Problem description
Scan the entries below for "strap" and copy each line that holds it.

[Collection entries]
********************
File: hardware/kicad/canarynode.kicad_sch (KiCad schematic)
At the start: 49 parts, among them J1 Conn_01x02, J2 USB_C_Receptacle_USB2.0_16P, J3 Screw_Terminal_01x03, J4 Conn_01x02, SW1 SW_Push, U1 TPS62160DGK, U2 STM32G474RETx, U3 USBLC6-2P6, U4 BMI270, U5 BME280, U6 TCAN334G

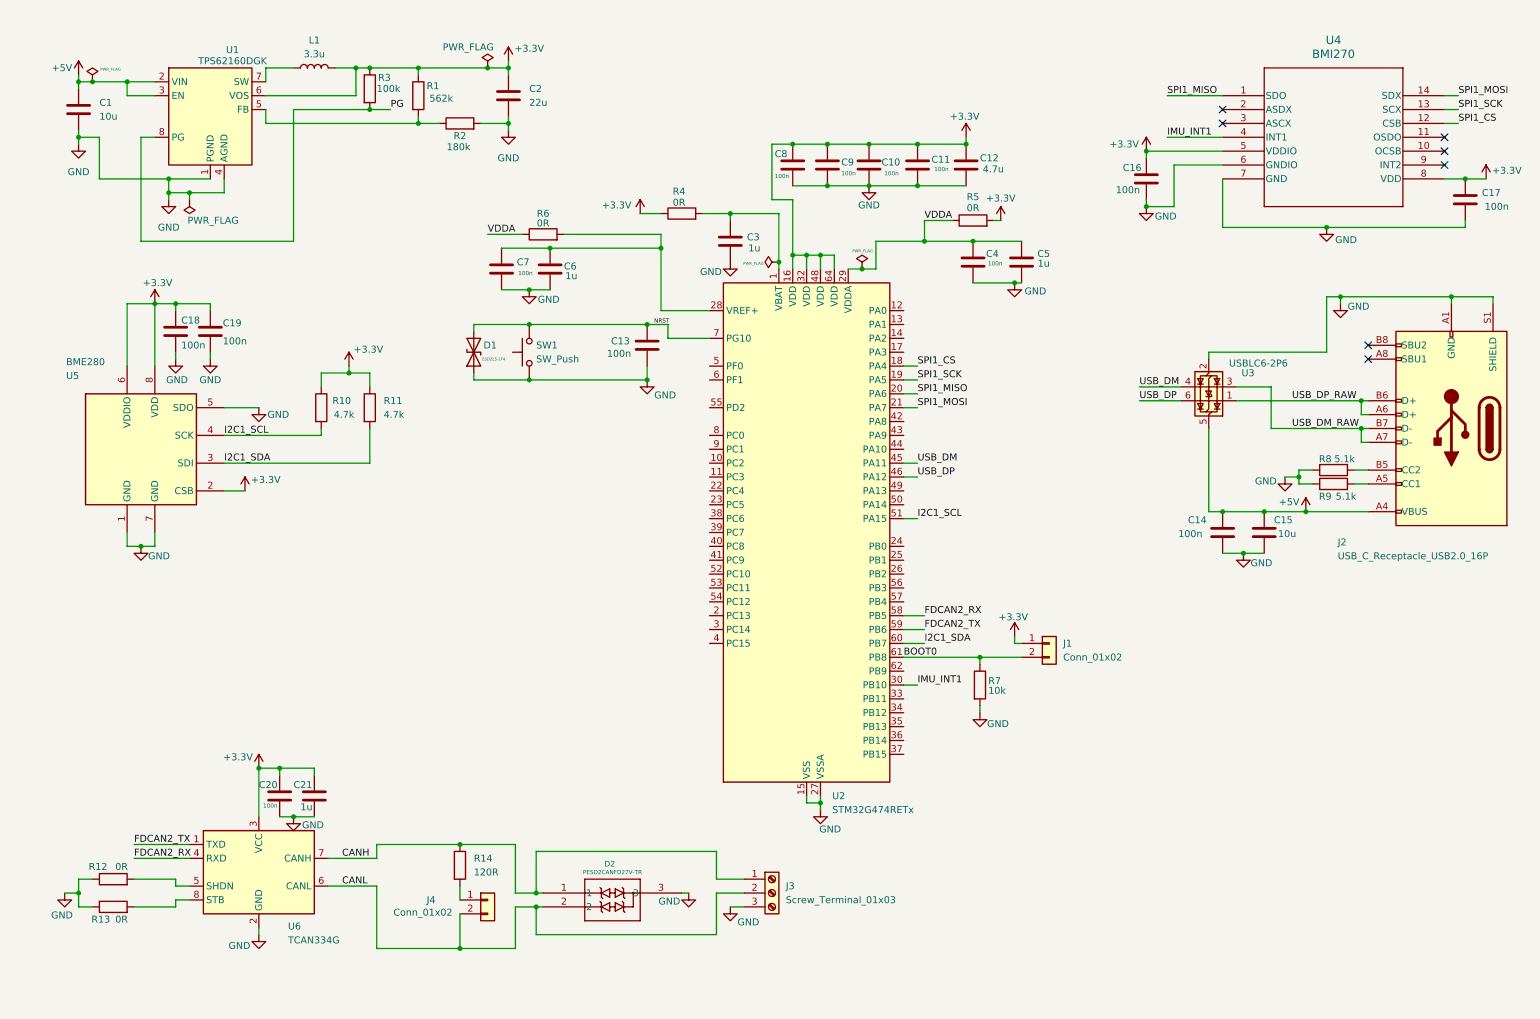
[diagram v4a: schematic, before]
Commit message: v1.0-schematic-complete: pre-layout validation done
- All 9 validation categories cleared
- Footprint fixes: J3 drill 1.4mm, SW1/SW2 swap to C6630024
- I2C1 pin assignment corrected to PA15/PB7
- Board outline 50x60mm, SIG/GND/GND/SIG stackup
- BOM finalized, 61 components
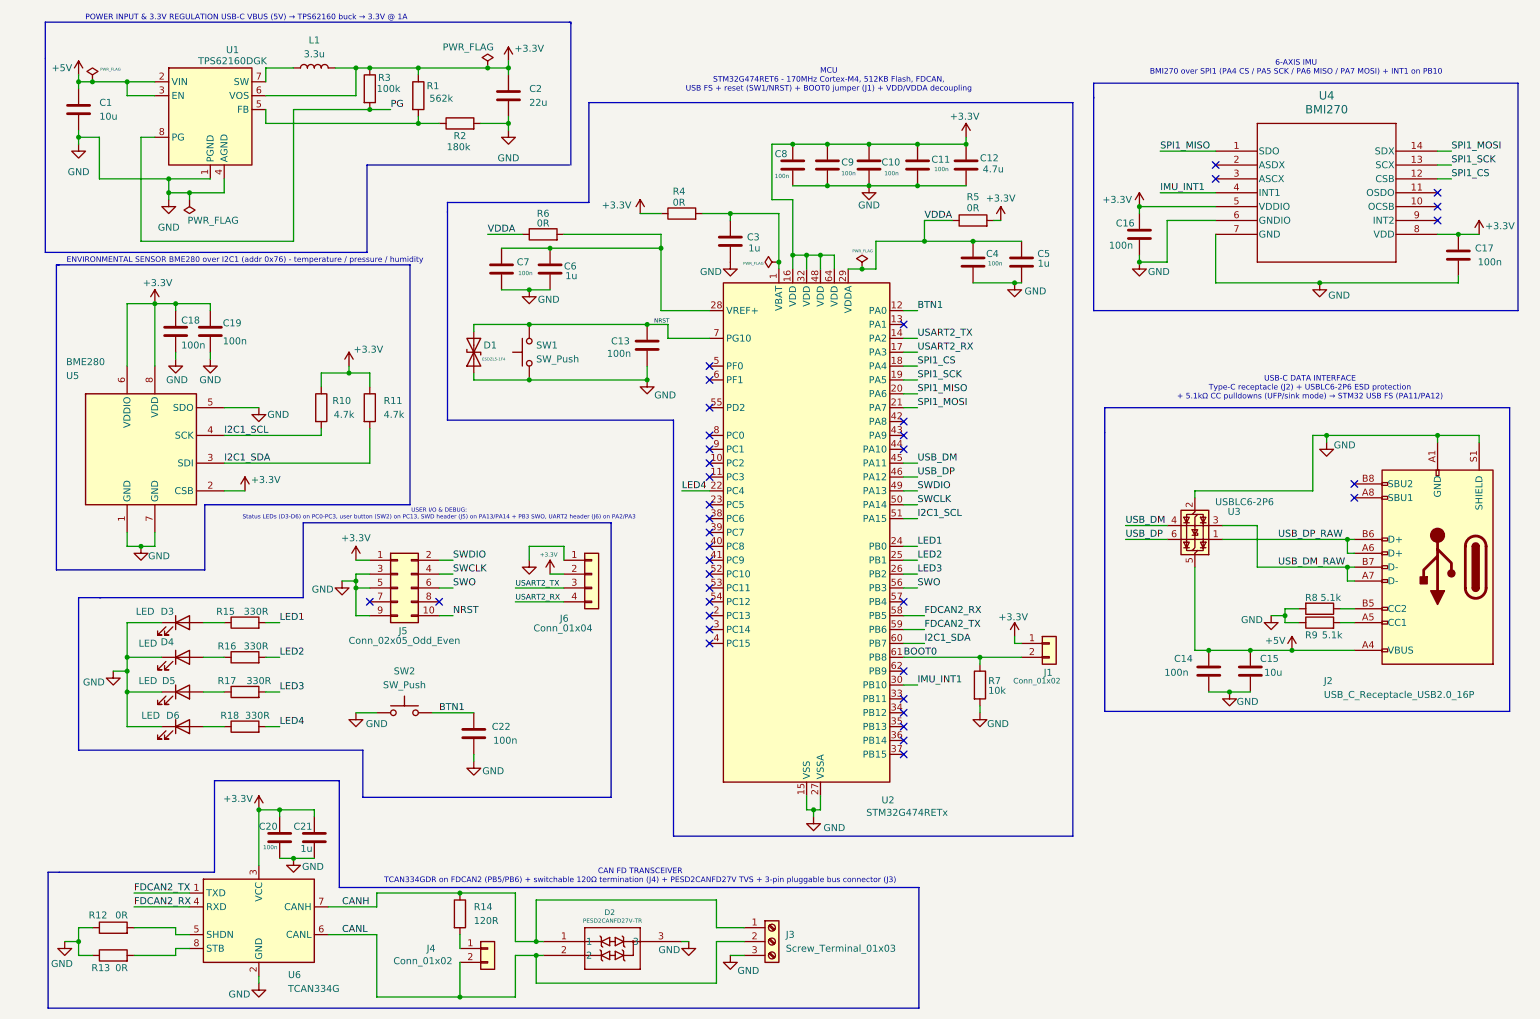
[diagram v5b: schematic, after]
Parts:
- added C22: 100n, Capacitor_SMD:C_0402_1005Metric, symbol Device:C
- added D3, D4, D5, D6: LED, LED_SMD:LED_0603_1608Metric, symbol Device:LED
- added J5: Conn_02x05_Odd_Even, Connector_PinHeader_1.27mm:PinHeader_2x05_P1.27mm_Vertical_SMD, symbol Connector_Generic:Conn_02x05_Odd_Even
- added J6: Conn_01x04, Connector_PinHeader_2.54mm:PinHeader_1x04_P2.54mm_Vertical, symbol Connector_Generic:Conn_01x04
- added R15, R16, R17, R18: 330R, Resistor_SMD:R_0402_1005Metric, symbol Device:R
- added SW2: SW_Push, Button_Switch_SMD:SW_SPST_PTS645Sx43SMTR92, symbol Switch:SW_Push
- C14, C16, C17, C18, C19, C20: footprint (none) -> Capacitor_SMD:C_0402_1005Metric
- C15, C21: footprint (none) -> Capacitor_SMD:C_0603_1608Metric
- D1: footprint (none) -> Diode_SMD:D_0201_0603Metric
- D2: footprint SOT23_PESD2_NEX -> PESD2CANFD27V-TR:SOT23_PESD2_NEX
- J1, J4: footprint (none) -> Connector_PinHeader_2.54mm:PinHeader_1x02_P2.54mm_Vertical
- J2: footprint (none) -> Connector_USB:USB_C_Receptacle_HRO_TYPE-C-31-M-12
- J3: footprint (none) -> BMI270:PhoenixMC_1x03_P3.5_DB2EVC.kicad_mod
- R10, R11, R12, R13, R7, R8, R9: footprint (none) -> Resistor_SMD:R_0402_1005Metric
- R14: footprint (none) -> Resistor_SMD:R_0603_1608Metric
- SW1: footprint (none) -> Button_Switch_SMD:SW_SPST_PTS645Sx43SMTR92
- U4: footprint BMI270_BOS -> BMI270:BMI270_BOS
- U6: footprint (none) -> Package_SO:SOIC-8_3.9x4.9mm_P1.27mm
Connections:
- net +3.3V: now also J5.1 (Pin_1), J6.2 (Pin_2)
- net GND: now also C22.2, D3.1 (K), D4.1 (K), D5.1 (K), D6.1 (K), J5.3 (Pin_3), J5.5 (Pin_5), J5.9 (Pin_9), J6.1 (Pin_1), SW2.1
- net NRST: now also J5.10 (Pin_10)
- net BTN1: now reaches U2.12 (PA0)
- net BTN1: now also C22.1, SW2.2
- net USART2_TX: now reaches U2.14 (PA2)
- net USART2_TX: now also J6.3 (Pin_3)
- net USART2_RX: now reaches U2.17 (PA3)
- net USART2_RX: now also J6.4 (Pin_4)
- net LED4: now reaches U2.22 (PC4)
- net LED4: now also R18.2
- net LED1: now reaches U2.24 (PB0)
- net LED1: now also R15.2
- net LED2: now reaches U2.25 (PB1)
- net LED2: now also R16.2
- net LED3: now reaches U2.26 (PB2)
- net LED3: now also R17.2
- net SWDIO: now reaches U2.49 (PA13)
- net SWDIO: now also J5.2 (Pin_2)
- net SWCLK: now reaches U2.50 (PA14)
- net SWCLK: now also J5.4 (Pin_4)
- net SWO: now reaches U2.56 (PB3)
- net SWO: now also J5.6 (Pin_6)
- new net: D5.2 (A), R17.1
- new net: D6.2 (A), R18.1
- new net: D4.2 (A), R16.1
- new net: D3.2 (A), R15.1
- no-connect marks 7 -> 38
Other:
- note added: "6-AXIS IMU BMI270 over SPI1 (PA4 CS / PA5 SCK / PA6 MISO / PA7 MOSI) + INT1 on PB10"
- note added: "CAN FD TRANSCEIVER TCAN334GDR on FDCAN2 (PB5/PB6) + switchable 120Ω termination (J4) + PESD2CANFD27V TVS + 3-pin pluggable bus connector (J3)"
- note added: "ENVIRONMENTAL SENSOR BME280 over I2C1 (addr 0x76) - temperature / pressure / humidity"
- note added: "MCU STM32G474RET6 - 170MHz Cortex-M4, 512KB Flash, FDCAN, USB FS + reset (SW1/NRST) + BOOT0 jumper (J1) + VDD/VDDA decoupling"
- note added: "POWER INPUT & 3.3V REGULATION USB-C VBUS (5V) → TPS62160 buck → 3.3V @ 1A"
- note added: "USB-C DATA INTERFACE Type-C receptacle (J2) + USBLC6-2P6 ESD protection + 5.1kΩ CC pulldowns (UFP/sink mode) → STM32 USB FS (PA11/PA12)"
- note added: "USER I/O & DEBUG: Status LEDs (D3-D6) on PC0-PC3, user button (SW2) on PC13, SWD header (J5) on PA13/PA14 + PB3 SWO, UART2 header (J6) on PA2/PA3"
- moved on the sheet: C14, C15, C16, C17, C20, C21, D2, J2, J3, J4, R12, R13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

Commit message: docs(sch): add annotation labels for J1 BOOT0, J4 CAN term, BME280 addr strap
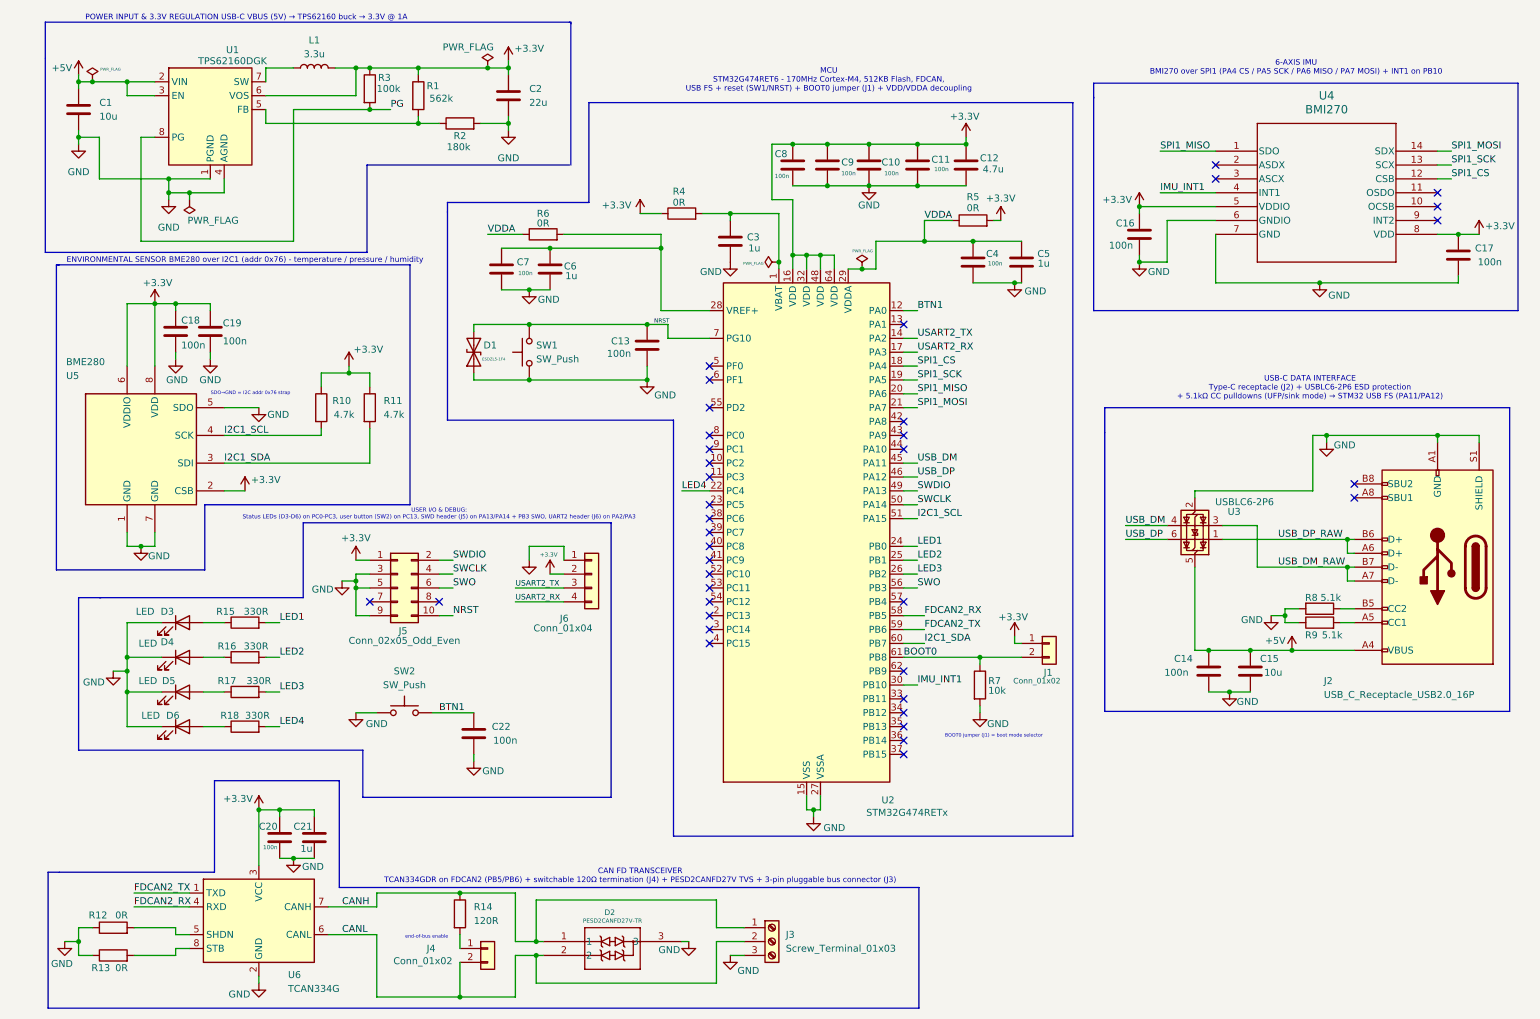
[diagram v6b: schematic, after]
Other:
- note added: "BOOT0 jumper (J1) = boot mode selector"
- note added: "SDO→GND = I2C addr 0x76 strap"
- note added: "end-of-bus enable"
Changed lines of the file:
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@@
 		(comment 1 "Custom CAN sensor node: STM32G474 + IMU + environmental + USB")
+	)
+	(text "BOOT0 jumper (J1) = boot mode selector"
+		(exclude_from_sim no)
+		(at 186.69 145.288 0)
+		(effects
+			(font
+				(size 0.635 0.635)
+			)
+		)
 	)
 	(text "POWER INPUT & 3.3V REGULATION USB-C VBUS (5V) → TPS62160 buck → 3.3V @ 1A"
@@
 		)
 	)
+	(text "end-of-bus enable"
+		(exclude_from_sim no)
+		(at 82.804 182.118 0)
+		(effects
+			(font
+				(size 0.635 0.635)
+			)
+		)
+	)
 	(text "CAN FD TRANSCEIVER\nTCAN334GDR on FDCAN2 (PB5/PB6) + switchable 120Ω termination (J4) + PESD2CANFD27V TVS + 3-pin pluggable bus connector (J3)"
 		(exclude_from_sim no)
@@
 			)
 		)
+	)
+	(text "SDO→GND = I2C addr 0x76 strap"
+		(exclude_from_sim no)
+		(at 50.546 82.55 0)
+		(effects
+			(font
+				(size 0.635 0.635)
+			)
+		)

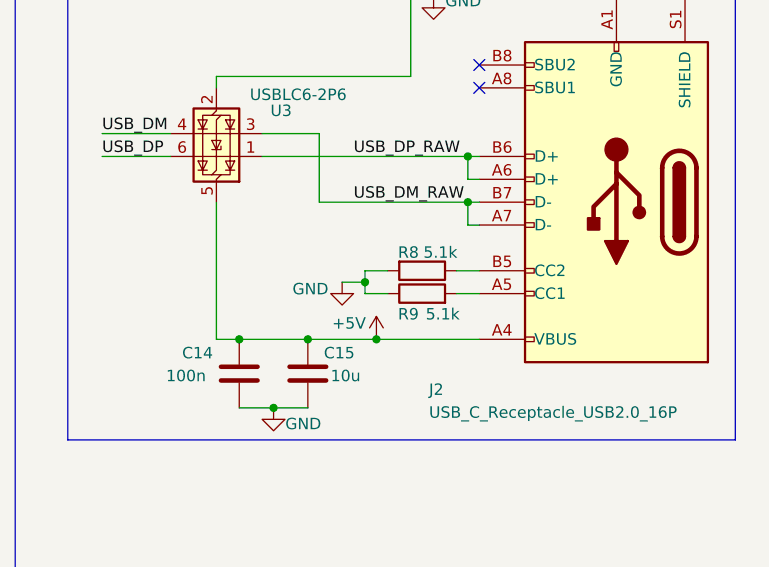
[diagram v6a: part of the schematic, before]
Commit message: fab: add LCSC to BOM, generate CPL, exclude mounting holes from placement, remove stale datasheet
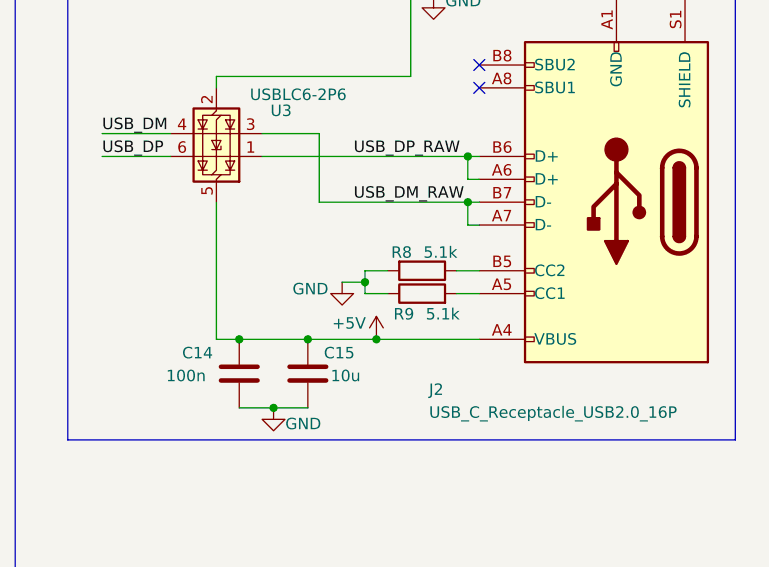
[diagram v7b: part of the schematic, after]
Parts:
- C1, C15: LCSC (none) -> C19702
- C10, C11, C13, C14, C16, C17, C18, C19, C20, C22, C4, C7, C8, C9: LCSC (none) -> C1525
- C12: LCSC (none) -> C19666
- C2: LCSC (none) -> C59461
- C21, C3, C5, C6: LCSC (none) -> C15849
- D1: LCSC (none) -> C2970171
- D2: LCSC (none) -> C552488
- D3: LCSC (none) -> C2286
- D4, D6: LCSC (none) -> C2287
- D5: LCSC (none) -> C2289
- J1, J4: LCSC (none) -> C41417359
- J2: LCSC (none) -> C165948
- J3: LCSC (none) -> C430550
- J5: LCSC (none) -> C4943297
- J6: LCSC (none) -> C41417361
- L1: LCSC (none) -> C3911580
- R1: LCSC (none) -> C48838
- R10, R11: LCSC (none) -> C25900
- R12, R13, R4, R5, R6: LCSC (none) -> C17168
- R14: LCSC (none) -> C22787
- R15, R16, R17, R18: LCSC (none) -> C25104
- R2: LCSC (none) -> C25760
- R3: LCSC (none) -> C25741
- R7: LCSC (none) -> C25744
- R8, R9: LCSC (none) -> C25905
- SW1, SW2: LCSC (none) -> C6630024
- U1: LCSC (none) -> C60726
- U2: LCSC (none) -> C521608
- U3: LCSC (none) -> C15999
- U4: LCSC (none) -> C2836813
- U5: LCSC (none) -> C92489
- U6: LCSC (none) -> C189939
********************
Task result
Commit message: docs(sch): add annotation labels for J1 BOOT0, J4 CAN term, BME280 addr strap
- note added: "SDO→GND = I2C addr 0x76 strap"
+	(text "SDO→GND = I2C addr 0x76 strap"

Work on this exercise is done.